During a session at HousingWire Annual, George Gallagher, the senior leader and principal of ESG, climate risk, natural hazard and spatial solutions at CoreLogic, emphasized the importance of data and insights in the industry. CoreLogic offers financial analytics that can provide a “path to clarity” for housing professionals. For example, they provide portfolio studies that focus on climate risk, helping identify concentrations of risk, such as flooding or wildfires, in loan portfolios. This information allows professionals to address potential problems and make informed decisions.
One group that benefits from this risk data is real estate investors. By understanding the climate risk associated with a property, investors can assess its market value and determine if it is a sound investment. High climate risk exposure may lead to a decline in market value, which could give investors pause. Additionally, loan servicers can use predictive analytics to map natural disasters and prepare for potential mortgage delinquencies that may occur after a disaster strikes.
However, it is essential to consider the increased price of homeowners insurance in this context.
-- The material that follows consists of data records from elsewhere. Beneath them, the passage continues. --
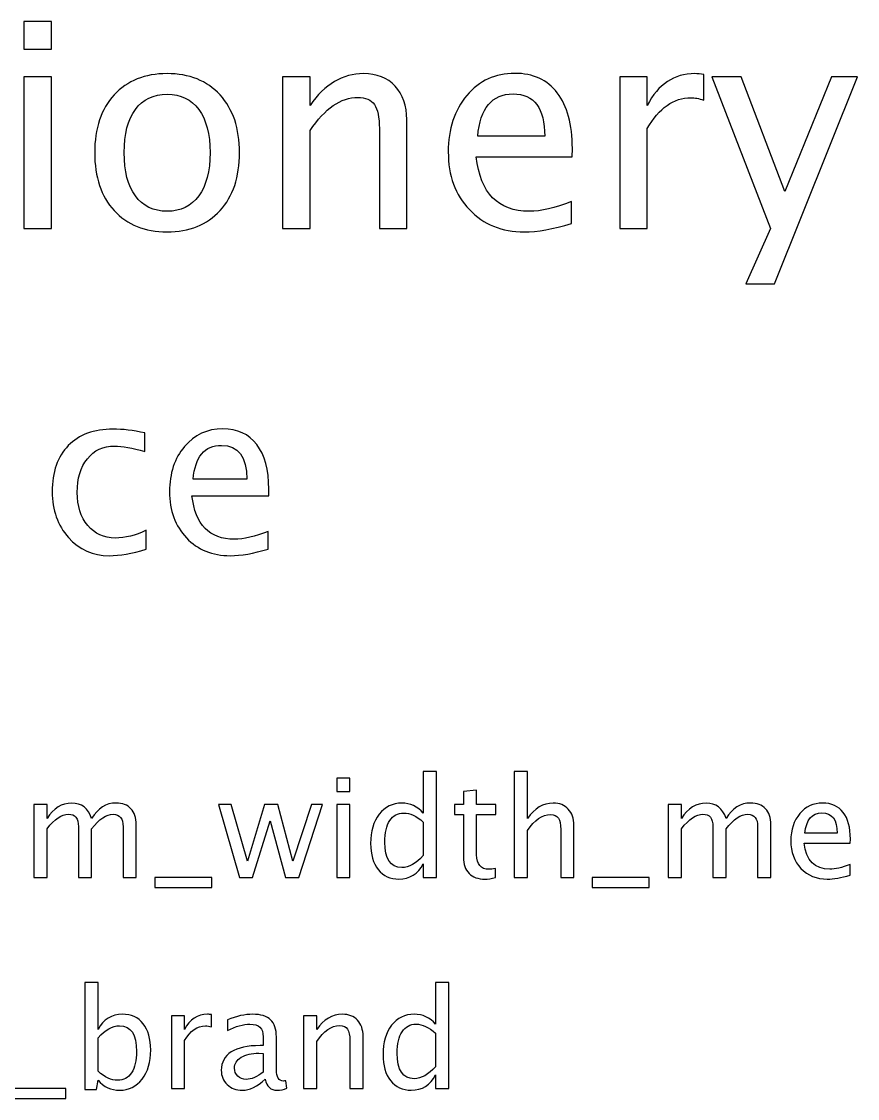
# Model space of a CAD drawing. Header units: centimetres. Extents: x -29.3 to 28.8, y -24.1 to 28.7.
# Drawn here: x 5.65 to 13.38, y 18.63 to 28.58 of the extents above; entities that cross this region are included whole.
import ezdxf

# ---------------------------------------------------------------- set-up
doc = ezdxf.new("R2010")
doc.units = ezdxf.units.CM
doc.header["$MEASUREMENT"] = 0
doc.layers.add('Layer 1', color=7, linetype='Continuous')

msp = doc.modelspace()

# ---------------------------------------------------------------- linework, layer by layer
at = {"layer": 'Layer 1'}
for points, knots in [([(5.67489, 28.32938), (5.67489, 28.32938), (5.67489, 28.58338), (5.67489, 28.58338), (5.67489, 28.58338), (5.67489, 28.58338), (5.92889, 28.58338), (5.92889, 28.58338), (5.92889, 28.58338), (5.92889, 28.58338), (5.92889, 28.32938), (5.92889, 28.32938), (5.92889, 28.32938), (5.92889, 28.32938), (5.67489, 28.32938), (5.67489, 28.32938)], [0, 0, 0, 0, 0.2, 0.2, 0.2, 0.2, 0.4, 0.4, 0.4, 0.4, 0.6, 0.6, 0.6, 0.6, 1, 1, 1, 1]), ([(6.9978, 26.63869), (6.79187, 26.63869), (6.62871, 26.70439), (6.50876, 26.8358), (6.50876, 26.8358), (6.38838, 26.96721), (6.3284, 27.14581), (6.3284, 27.37114), (6.3284, 27.37114), (6.3284, 27.59604), (6.38838, 27.77419), (6.50876, 27.90516), (6.50876, 27.90516), (6.62871, 28.03613), (6.79187, 28.10183), (6.9978, 28.10183), (6.9978, 28.10183), (7.20373, 28.10183), (7.36689, 28.03613), (7.48684, 27.90516), (7.48684, 27.90516), (7.60722, 27.77419), (7.66719, 27.59604), (7.66719, 27.37114), (7.66719, 27.37114), (7.66719, 27.14581), (7.60722, 26.96721), (7.48684, 26.8358), (7.48684, 26.8358), (7.36689, 26.70439), (7.20373, 26.63869), (6.9978, 26.63869)], [0, 0, 0, 0, 0.1111111, 0.1111111, 0.1111111, 0.1111111, 0.2222222, 0.2222222, 0.2222222, 0.2222222, 0.3333333, 0.3333333, 0.3333333, 0.3333333, 0.4444444, 0.4444444, 0.4444444, 0.4444444, 0.5555556, 0.5555556, 0.5555556, 0.5555556, 0.6666667, 0.6666667, 0.6666667, 0.6666667, 0.7777778, 0.7777778, 0.7777778, 0.7777778, 1, 1, 1, 1]), ([(8.06495, 26.67044), (8.06495, 26.67044), (8.06495, 28.07273), (8.06495, 28.07273), (8.06495, 28.07273), (8.06495, 28.07273), (8.31895, 28.07273), (8.31895, 28.07273), (8.31895, 28.07273), (8.31895, 28.07273), (8.31895, 27.80771), (8.31895, 27.80771), (8.31895, 27.80771), (8.45345, 28.00394), (8.61837, 28.10183), (8.81328, 28.10183), (8.81328, 28.10183), (8.93587, 28.10183), (9.03332, 28.06347), (9.1052, 27.9863), (9.1052, 27.9863), (9.17708, 27.90957), (9.21324, 27.80594), (9.21324, 27.6763), (9.21324, 27.6763), (9.21324, 27.6763), (9.21324, 26.67044), (9.21324, 26.67044), (9.21324, 26.67044), (9.21324, 26.67044), (8.95924, 26.67044), (8.95924, 26.67044), (8.95924, 26.67044), (8.95924, 26.67044), (8.95924, 27.59339), (8.95924, 27.59339), (8.95924, 27.59339), (8.95924, 27.69746), (8.94381, 27.77155), (8.91338, 27.81564), (8.91338, 27.81564), (8.88251, 27.86018), (8.8318, 27.88223), (8.7608, 27.88223), (8.7608, 27.88223), (8.6047, 27.88223), (8.45741, 27.78037), (8.31895, 27.57664), (8.31895, 27.57664), (8.31895, 27.57664), (8.31895, 26.67044), (8.31895, 26.67044), (8.31895, 26.67044), (8.31895, 26.67044), (8.06495, 26.67044), (8.06495, 26.67044)], [0, 0, 0, 0, 0.0666667, 0.0666667, 0.0666667, 0.0666667, 0.1333333, 0.1333333, 0.1333333, 0.1333333, 0.2, 0.2, 0.2, 0.2, 0.2666667, 0.2666667, 0.2666667, 0.2666667, 0.3333333, 0.3333333, 0.3333333, 0.3333333, 0.4, 0.4, 0.4, 0.4, 0.4666667, 0.4666667, 0.4666667, 0.4666667, 0.5333333, 0.5333333, 0.5333333, 0.5333333, 0.6, 0.6, 0.6, 0.6, 0.6666667, 0.6666667, 0.6666667, 0.6666667, 0.7333333, 0.7333333, 0.7333333, 0.7333333, 0.8, 0.8, 0.8, 0.8, 0.8666667, 0.8666667, 0.8666667, 0.8666667, 1, 1, 1, 1]), ([(10.73636, 26.71542), (10.5657, 26.66427), (10.41974, 26.63869), (10.29803, 26.63869), (10.29803, 26.63869), (10.09033, 26.63869), (9.92144, 26.70748), (9.79136, 26.84462), (9.79136, 26.84462), (9.66127, 26.98177), (9.596, 27.15948), (9.596, 27.3782), (9.596, 27.3782), (9.596, 27.59031), (9.65333, 27.76449), (9.76842, 27.90075), (9.76842, 27.90075), (9.88352, 28.03657), (10.0308, 28.10448), (10.21028, 28.10448), (10.21028, 28.10448), (10.38005, 28.10448), (10.51146, 28.04407), (10.60407, 27.92324), (10.60407, 27.92324), (10.69667, 27.80241), (10.74297, 27.63132), (10.74297, 27.40951), (10.74297, 27.40951), (10.74297, 27.40951), (10.74165, 27.3319), (10.74165, 27.3319), (10.74165, 27.3319), (10.74165, 27.3319), (9.8553, 27.3319), (9.8553, 27.3319), (9.8553, 27.3319), (9.89234, 26.99676), (10.05594, 26.82919), (10.34566, 26.82919), (10.34566, 26.82919), (10.45193, 26.82919), (10.58202, 26.85918), (10.73636, 26.91915), (10.73636, 26.91915), (10.73636, 26.91915), (10.73636, 26.71542), (10.73636, 26.71542)], [0, 0, 0, 0, 0.0769231, 0.0769231, 0.0769231, 0.0769231, 0.1538462, 0.1538462, 0.1538462, 0.1538462, 0.2307692, 0.2307692, 0.2307692, 0.2307692, 0.3076923, 0.3076923, 0.3076923, 0.3076923, 0.3846154, 0.3846154, 0.3846154, 0.3846154, 0.4615385, 0.4615385, 0.4615385, 0.4615385, 0.5384615, 0.5384615, 0.5384615, 0.5384615, 0.6153846, 0.6153846, 0.6153846, 0.6153846, 0.6923077, 0.6923077, 0.6923077, 0.6923077, 0.7692308, 0.7692308, 0.7692308, 0.7692308, 0.8461538, 0.8461538, 0.8461538, 0.8461538, 1, 1, 1, 1]), ([(11.1813, 26.67044), (11.1813, 26.67044), (11.1813, 28.07273), (11.1813, 28.07273), (11.1813, 28.07273), (11.1813, 28.07273), (11.4353, 28.07273), (11.4353, 28.07273), (11.4353, 28.07273), (11.4353, 28.07273), (11.4353, 27.80771), (11.4353, 27.80771), (11.4353, 27.80771), (11.53628, 28.00394), (11.68268, 28.10183), (11.87495, 28.10183), (11.87495, 28.10183), (11.90097, 28.10183), (11.92831, 28.09963), (11.95653, 28.09522), (11.95653, 28.09522), (11.95653, 28.09522), (11.95653, 27.85754), (11.95653, 27.85754), (11.95653, 27.85754), (11.91243, 27.87209), (11.87363, 27.87958), (11.84011, 27.87958), (11.84011, 27.87958), (11.67872, 27.87958), (11.54378, 27.78433), (11.4353, 27.59339), (11.4353, 27.59339), (11.4353, 27.59339), (11.4353, 26.67044), (11.4353, 26.67044), (11.4353, 26.67044), (11.4353, 26.67044), (11.1813, 26.67044), (11.1813, 26.67044)], [0, 0, 0, 0, 0.0909091, 0.0909091, 0.0909091, 0.0909091, 0.1818182, 0.1818182, 0.1818182, 0.1818182, 0.2727273, 0.2727273, 0.2727273, 0.2727273, 0.3636364, 0.3636364, 0.3636364, 0.3636364, 0.4545455, 0.4545455, 0.4545455, 0.4545455, 0.5454545, 0.5454545, 0.5454545, 0.5454545, 0.6363636, 0.6363636, 0.6363636, 0.6363636, 0.7272727, 0.7272727, 0.7272727, 0.7272727, 0.8181818, 0.8181818, 0.8181818, 0.8181818, 1, 1, 1, 1]), ([(5.67489, 26.67044), (5.67489, 26.67044), (5.67489, 28.07273), (5.67489, 28.07273), (5.67489, 28.07273), (5.67489, 28.07273), (5.92889, 28.07273), (5.92889, 28.07273), (5.92889, 28.07273), (5.92889, 28.07273), (5.92889, 26.67044), (5.92889, 26.67044), (5.92889, 26.67044), (5.92889, 26.67044), (5.67489, 26.67044), (5.67489, 26.67044)], [0, 0, 0, 0, 0.2, 0.2, 0.2, 0.2, 0.4, 0.4, 0.4, 0.4, 0.6, 0.6, 0.6, 0.6, 1, 1, 1, 1]), ([(12.34679, 26.15979), (12.34679, 26.15979), (12.57433, 26.66868), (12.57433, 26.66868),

As professionals underwrite loans, service them, or invest in loan portfolios, the rising cost of insurance must be factored into the decision-making process. This includes considerations of underwriting, profit potential for servicing, and how loans are packaged into securities.
The timing of CoreLogic’s presentation at HousingWire Annual is noteworthy, as the Securities and Exchange Commission (SEC) is expected to release a climate-disclosure rule. The SEC proposal, initiated in March 2022, aims to improve disclosure laws to account for climate risk among public companies. If finalized this fall, the rule would require companies to disclose greenhouse gas emissions and the physical risks posed by entities they control, among other items. This rule could potentially influence housing agencies like the U.S. Department of Housing and Urban Development (HUD), the Federal Housing Finance Agency (FHFA), and the Federal Housing Administration (FHA), leading to similar requirements.
Furthermore, there is a growing concern about the threat uninsured climate-related losses pose to the broader financial system and economy. In January 2021, the FHFA issued a request for information focused on climate and natural disaster risk management at Fannie Mae, Freddie Mac, and the Federal Home Loan Banks. This highlights the need for proactive measures to address the potential economic impact of climate change.
In conclusion, housing professionals must recognize the importance of understanding the financial impact of climate change on the real estate industry. CoreLogic’s financial analytics offer valuable insights that can help professionals make informed decisions and mitigate risks associated with natural disasters. With the anticipated release of the SEC’s climate-disclosure rule, it becomes even more crucial for housing agencies and companies to consider climate risk in their operations. By doing so, they can contribute to a more resilient and sustainable real estate industry.